Avevo pochi dubbi su questo... non mi dai l'aria di uno che porge l'altra guancia e ama i suoi nemici. Ma dio non c'entra un cazzo, ha fatto un discorso da demente. E non parlo di quello riportato alla cazzo di cane su Repubblica, parlo dell'originale... e cioè se non ho dio nella mia vita, sbagliando finisco per assolutizzare la donna che amo, e sbagliando finisco per ammazzarla se mi abbandona. Cazzata immane, che da per scontato che per vivere degnamente abbia necessità di un assoluto.
Poi vabbè, la parola femminicidio fa cagare. Esiste già il reato di omicidio volontario.


----------



## Joey Blow (25 Giugno 2015)

Nobody ha detto:


> Avevo pochi dubbi su questo... non mi dai l'aria di uno che porge l'altra guancia e ama i suoi nemici. Ma dio non c'entra un cazzo, ha fatto un discorso da demente. E non parlo di quello riportato alla cazzo di cane su Repubblica, parlo dell'originale... e cioè se non ho dio nella mia vita, sbagliando finisco per assolutizzare la donna che amo, e sbagliando finisco per ammazzarla se mi abbandona. Cazzata immane, che da per scontato che per vivere degnamente abbia necessità di un assoluto.
> Poi vabbè, la parola femminicidio fa cagare. Esiste già il reato di omicidio volontario.

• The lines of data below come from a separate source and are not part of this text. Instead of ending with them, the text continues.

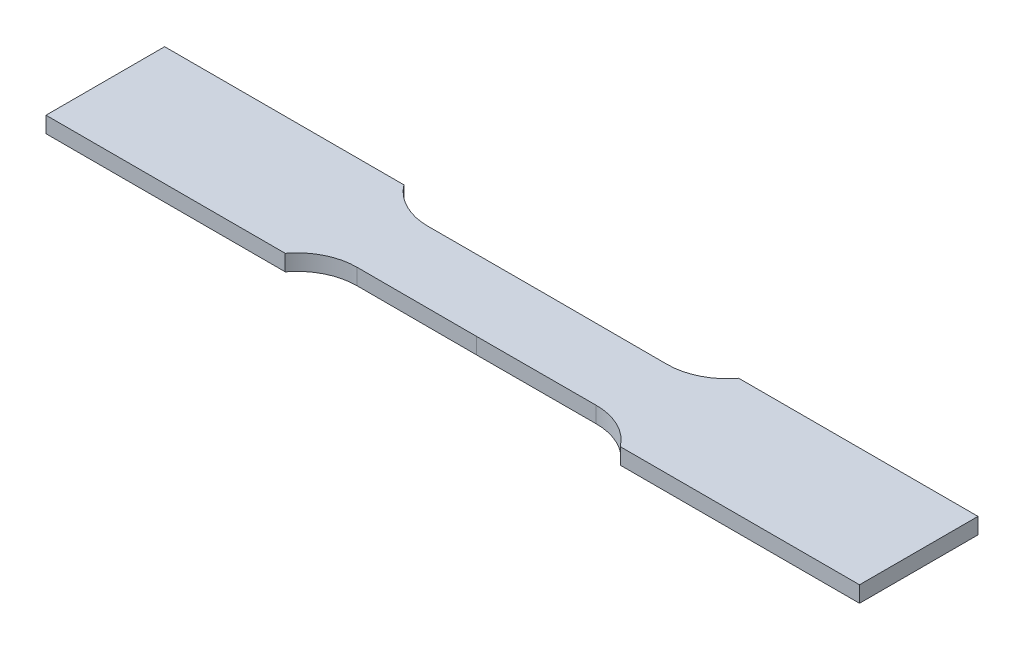
ISO-10303-21;
HEADER;
FILE_DESCRIPTION(('STEP AP214'),'2;1');
FILE_NAME('part.step','',(''),(''),'','','');
FILE_SCHEMA(('AUTOMOTIVE_DESIGN { 1 0 10303 214 1 1 1 1 }'));
ENDSEC;
DATA;
#1=APPLICATION_CONTEXT('core data for automotive mechanical design processes');
#2=APPLICATION_PROTOCOL_DEFINITION('international standard','automotive_design',2000,#1);
#3=PRODUCT_CONTEXT('',#1,'mechanical');
#4=PRODUCT('Part','Part','',(#3));
#5=PRODUCT_RELATED_PRODUCT_CATEGORY('part','',(#4));
#6=PRODUCT_DEFINITION_FORMATION('','',#4);
#7=PRODUCT_DEFINITION_CONTEXT('part definition',#1,'design');
#8=PRODUCT_DEFINITION('design','',#6,#7);
#9=PRODUCT_DEFINITION_SHAPE('','',#8);
#10=(LENGTH_UNIT() NAMED_UNIT(*) SI_UNIT(.MILLI.,.METRE.));
#11=(NAMED_UNIT(*) PLANE_ANGLE_UNIT() SI_UNIT($,.RADIAN.));
#12=(NAMED_UNIT(*) SI_UNIT($,.STERADIAN.) SOLID_ANGLE_UNIT());
#13=UNCERTAINTY_MEASURE_WITH_UNIT(LENGTH_MEASURE(1.E-05),#10,'distance_accuracy_value','');
#14=(GEOMETRIC_REPRESENTATION_CONTEXT(3) GLOBAL_UNCERTAINTY_ASSIGNED_CONTEXT((#13)) GLOBAL_UNIT_ASSIGNED_CONTEXT((#10,
#11,#12)) REPRESENTATION_CONTEXT('',''));
#15=CARTESIAN_POINT('',(0.,0.,0.));
#16=DIRECTION('',(0.,0.,1.));
#17=DIRECTION('',(1.,0.,0.));
#18=AXIS2_PLACEMENT_3D('',#15,#16,#17);
#19=CARTESIAN_POINT('',(0.,3.357,-12.381710976723));
#20=DIRECTION('',(0.,0.,-1.));
#21=DIRECTION('',(-1.,0.,0.));
#22=AXIS2_PLACEMENT_3D('',#19,#20,#21);
#23=PLANE('',#22);
#24=DIRECTION('',(1.,0.,0.));
#25=VECTOR('',#24,1.);
#26=CARTESIAN_POINT('',(0.,0.,-12.381710976723));
#27=LINE('',#26,#25);
#28=CARTESIAN_POINT('',(35.,0.,-12.3817109767229));
#29=VERTEX_POINT('',#28);
#30=CARTESIAN_POINT('',(85.,0.,-12.3817109767229));
#31=VERTEX_POINT('',#30);
#32=EDGE_CURVE('E168',#29,#31,#27,.T.);
#33=ORIENTED_EDGE('',*,*,#32,.F.);
#34=DIRECTION('',(0.,-1.,0.));
#35=VECTOR('',#34,1.);
#36=CARTESIAN_POINT('',(35.,3.357,-12.3817109767229));
#37=LINE('',#36,#35);
#38=CARTESIAN_POINT('',(35.,3.357,-12.3817109767229));
#39=VERTEX_POINT('',#38);
#40=EDGE_CURVE('E11',#39,#29,#37,.T.);
#41=ORIENTED_EDGE('',*,*,#40,.F.);
#42=DIRECTION('',(1.,0.,0.));
#43=VECTOR('',#42,1.);
#44=CARTESIAN_POINT('',(0.,3.357,-12.381710976723));
#45=LINE('',#44,#43);
#46=CARTESIAN_POINT('',(85.,3.357,-12.3817109767229));
#47=VERTEX_POINT('',#46);
#48=EDGE_CURVE('E201',#39,#47,#45,.T.);
#49=ORIENTED_EDGE('',*,*,#48,.T.);
#50=DIRECTION('',(0.,-1.,0.));
#51=VECTOR('',#50,1.);
#52=CARTESIAN_POINT('',(85.,3.357,-12.3817109767229));
#53=LINE('',#52,#51);
#54=EDGE_CURVE('E53',#47,#31,#53,.T.);
#55=ORIENTED_EDGE('',*,*,#54,.T.);
#56=EDGE_LOOP('',(#33,#41,#49,#55));
#57=FACE_BOUND('',#56,.T.);
#58=ADVANCED_FACE('F37',(#57),#23,.T.);
#59=CARTESIAN_POINT('',(25.01749998285,3.357,-19.904987750018));
#60=DIRECTION('',(0.,-1.,0.));
#61=DIRECTION('',(0.,0.,-1.));
#62=AXIS2_PLACEMENT_3D('',#59,#60,#61);
#63=CYLINDRICAL_SURFACE('',#62,12.5);
#64=CARTESIAN_POINT('',(25.01749998285,0.,-19.904987750018));
#65=DIRECTION('',(0.,1.,0.));
#66=DIRECTION('',(0.,0.,1.));
#67=AXIS2_PLACEMENT_3D('',#64,#65,#66);
#68=CIRCLE('',#67,12.5);
#69=CARTESIAN_POINT('',(25.,0.,-7.40500000000001));
#70=VERTEX_POINT('',#69);
#71=EDGE_CURVE('E170',#29,#70,#68,.F.);
#72=ORIENTED_EDGE('',*,*,#71,.T.);
#73=DIRECTION('',(0.,-1.,0.));
#74=VECTOR('',#73,1.);
#75=CARTESIAN_POINT('',(25.,3.357,-7.40500000000001));
#76=LINE('',#75,#74);
#77=CARTESIAN_POINT('',(25.,3.357,-7.40500000000001));
#78=VERTEX_POINT('',#77);
#79=EDGE_CURVE('E45',#78,#70,#76,.T.);
#80=ORIENTED_EDGE('',*,*,#79,.F.);
#81=CARTESIAN_POINT('',(25.01749998285,3.357,-19.904987750018));
#82=DIRECTION('',(0.,1.,0.));
#83=DIRECTION('',(0.,0.,1.));
#84=AXIS2_PLACEMENT_3D('',#81,#82,#83);
#85=CIRCLE('',#84,12.5);
#86=EDGE_CURVE('E250',#39,#78,#85,.F.);
#87=ORIENTED_EDGE('',*,*,#86,.F.);
#88=ORIENTED_EDGE('',*,*,#40,.T.);
#89=EDGE_LOOP('',(#72,#80,#87,#88));
#90=FACE_BOUND('',#89,.T.);
#91=ADVANCED_FACE('F283',(#90),#63,.F.);
#92=CARTESIAN_POINT('',(0.0104159795846786,3.357,-7.43998541762858));
#93=DIRECTION('',(-0.00139999862800182,0.,0.999999020001441));
#94=DIRECTION('',(0.999999020001441,0.,0.00139999862800182));
#95=AXIS2_PLACEMENT_3D('',#92,#93,#94);
#96=PLANE('',#95);
#97=DIRECTION('',(-0.999999020001441,0.,-0.00139999862800182));
#98=VECTOR('',#97,1.);
#99=CARTESIAN_POINT('',(0.0104159795846786,0.,-7.43998541762858));
#100=LINE('',#99,#98);
#101=CARTESIAN_POINT('',(0.,0.,-7.44));
#102=VERTEX_POINT('',#101);
#103=EDGE_CURVE('E172',#70,#102,#100,.T.);
#104=ORIENTED_EDGE('',*,*,#103,.T.);
#105=DIRECTION('',(0.,-1.,0.));
#106=VECTOR('',#105,1.);
#107=CARTESIAN_POINT('',(0.,3.357,-7.44));
#108=LINE('',#107,#106);
#109=CARTESIAN_POINT('',(0.,3.357,-7.44));
#110=VERTEX_POINT('',#109);
#111=EDGE_CURVE('E222',#110,#102,#108,.T.);
#112=ORIENTED_EDGE('',*,*,#111,.F.);
#113=DIRECTION('',(-0.999999020001441,0.,-0.00139999862800182));
#114=VECTOR('',#113,1.);
#115=CARTESIAN_POINT('',(0.0104159795846786,3.357,-7.43998541762858));
#116=LINE('',#115,#114);
#117=EDGE_CURVE('E231',#78,#110,#116,.T.);
#118=ORIENTED_EDGE('',*,*,#117,.F.);
#119=ORIENTED_EDGE('',*,*,#79,.T.);
#120=EDGE_LOOP('',(#104,#112,#118,#119));
#121=FACE_BOUND('',#120,.T.);
#122=ADVANCED_FACE('F229',(#121),#96,.F.);
#123=CARTESIAN_POINT('',(-0.00743999256000765,3.357,-7.43999256000744));
#124=DIRECTION('',(0.000999999500000403,0.,0.999999500000375));
#125=DIRECTION('',(0.999999500000375,0.,-0.000999999500000403));
#126=AXIS2_PLACEMENT_3D('',#123,#124,#125);
#127=PLANE('',#126);
#128=DIRECTION('',(-0.999999500000375,0.,0.000999999500000403));
#129=VECTOR('',#128,1.);
#130=CARTESIAN_POINT('',(-0.00743999256000765,0.,-7.43999256000744));
#131=LINE('',#130,#129);
#132=CARTESIAN_POINT('',(-25.,0.,-7.415));
#133=VERTEX_POINT('',#132);
#134=EDGE_CURVE('E174',#102,#133,#131,.T.);
#135=ORIENTED_EDGE('',*,*,#134,.T.);
#136=DIRECTION('',(0.,-1.,0.));
#137=VECTOR('',#136,1.);
#138=CARTESIAN_POINT('',(-25.,3.357,-7.415));
#139=LINE('',#138,#137);
#140=CARTESIAN_POINT('',(-25.,3.357,-7.415));
#141=VERTEX_POINT('',#140);
#142=EDGE_CURVE('E220',#141,#133,#139,.T.);
#143=ORIENTED_EDGE('',*,*,#142,.F.);
#144=DIRECTION('',(-0.999999500000375,0.,0.000999999500000403));
#145=VECTOR('',#144,1.);
#146=CARTESIAN_POINT('',(-0.00743999256000765,3.357,-7.43999256000744));
#147=LINE('',#146,#145);
#148=EDGE_CURVE('E244',#110,#141,#147,.T.);
#149=ORIENTED_EDGE('',*,*,#148,.F.);
#150=ORIENTED_EDGE('',*,*,#111,.T.);
#151=EDGE_LOOP('',(#135,#143,#149,#150));
#152=FACE_BOUND('',#151,.T.);
#153=ADVANCED_FACE('F241',(#152),#127,.F.);
#154=CARTESIAN_POINT('',(-25.01249999375,3.357,-19.9149937500047));
#155=DIRECTION('',(0.,-1.,0.));
#156=DIRECTION('',(0.,0.,-1.));
#157=AXIS2_PLACEMENT_3D('',#154,#155,#156);
#158=CYLINDRICAL_SURFACE('',#157,12.5);
#159=CARTESIAN_POINT('',(-25.01249999375,0.,-19.9149937500047));
#160=DIRECTION('',(0.,1.,0.));
#161=DIRECTION('',(0.,0.,1.));
#162=AXIS2_PLACEMENT_3D('',#159,#160,#161);
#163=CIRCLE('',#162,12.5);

Ma tu ci sei andato? No. E neanche io. Ma questo cazzo E' CATTOLICO. Di cosa deve parlare se non di Dio che ti riempie i vuoti? Mica è un discorso da demente, è un discorso da CREDENTE ad una platea fatta per la stragrande maggioranza da credenti. Ou.


----------



## Joey Blow (25 Giugno 2015)

Tra l'altro, HA RAGIONE. Non per Dio (non è una bestemmia), ma per il fatto che tu quei cazzo di vuoti devi riempirli, che sia Dio o gli Heloim, o Visnù o la scienza, la vita (meglio) o sailcazzo cosa. E' evidente che se tu VIVI solo per una ed un'unica persona e quella ti ABBANDONA (o tu percepisci un distacco come tale) è facile che stari di capoccia. Oh? Ma che è così difficile?


----------



## Nobody (25 Giugno 2015)

Joey Blow ha detto:


> Tra l'altro, HA RAGIONE. Non per Dio (non è una bestemmia),* ma per il fatto che tu quei cazzo di vuoti devi riempirli, che sia Dio o gli Heloim, o Visnù o la scienza, la vita (meglio) o sailcazzo cosa.* E' evidente che se tu VIVI solo per una ed un'unica persona e quella ti ABBANDONA (o tu percepisci un distacco come tale) è facile che stari di capoccia. Oh? Ma che è così difficile?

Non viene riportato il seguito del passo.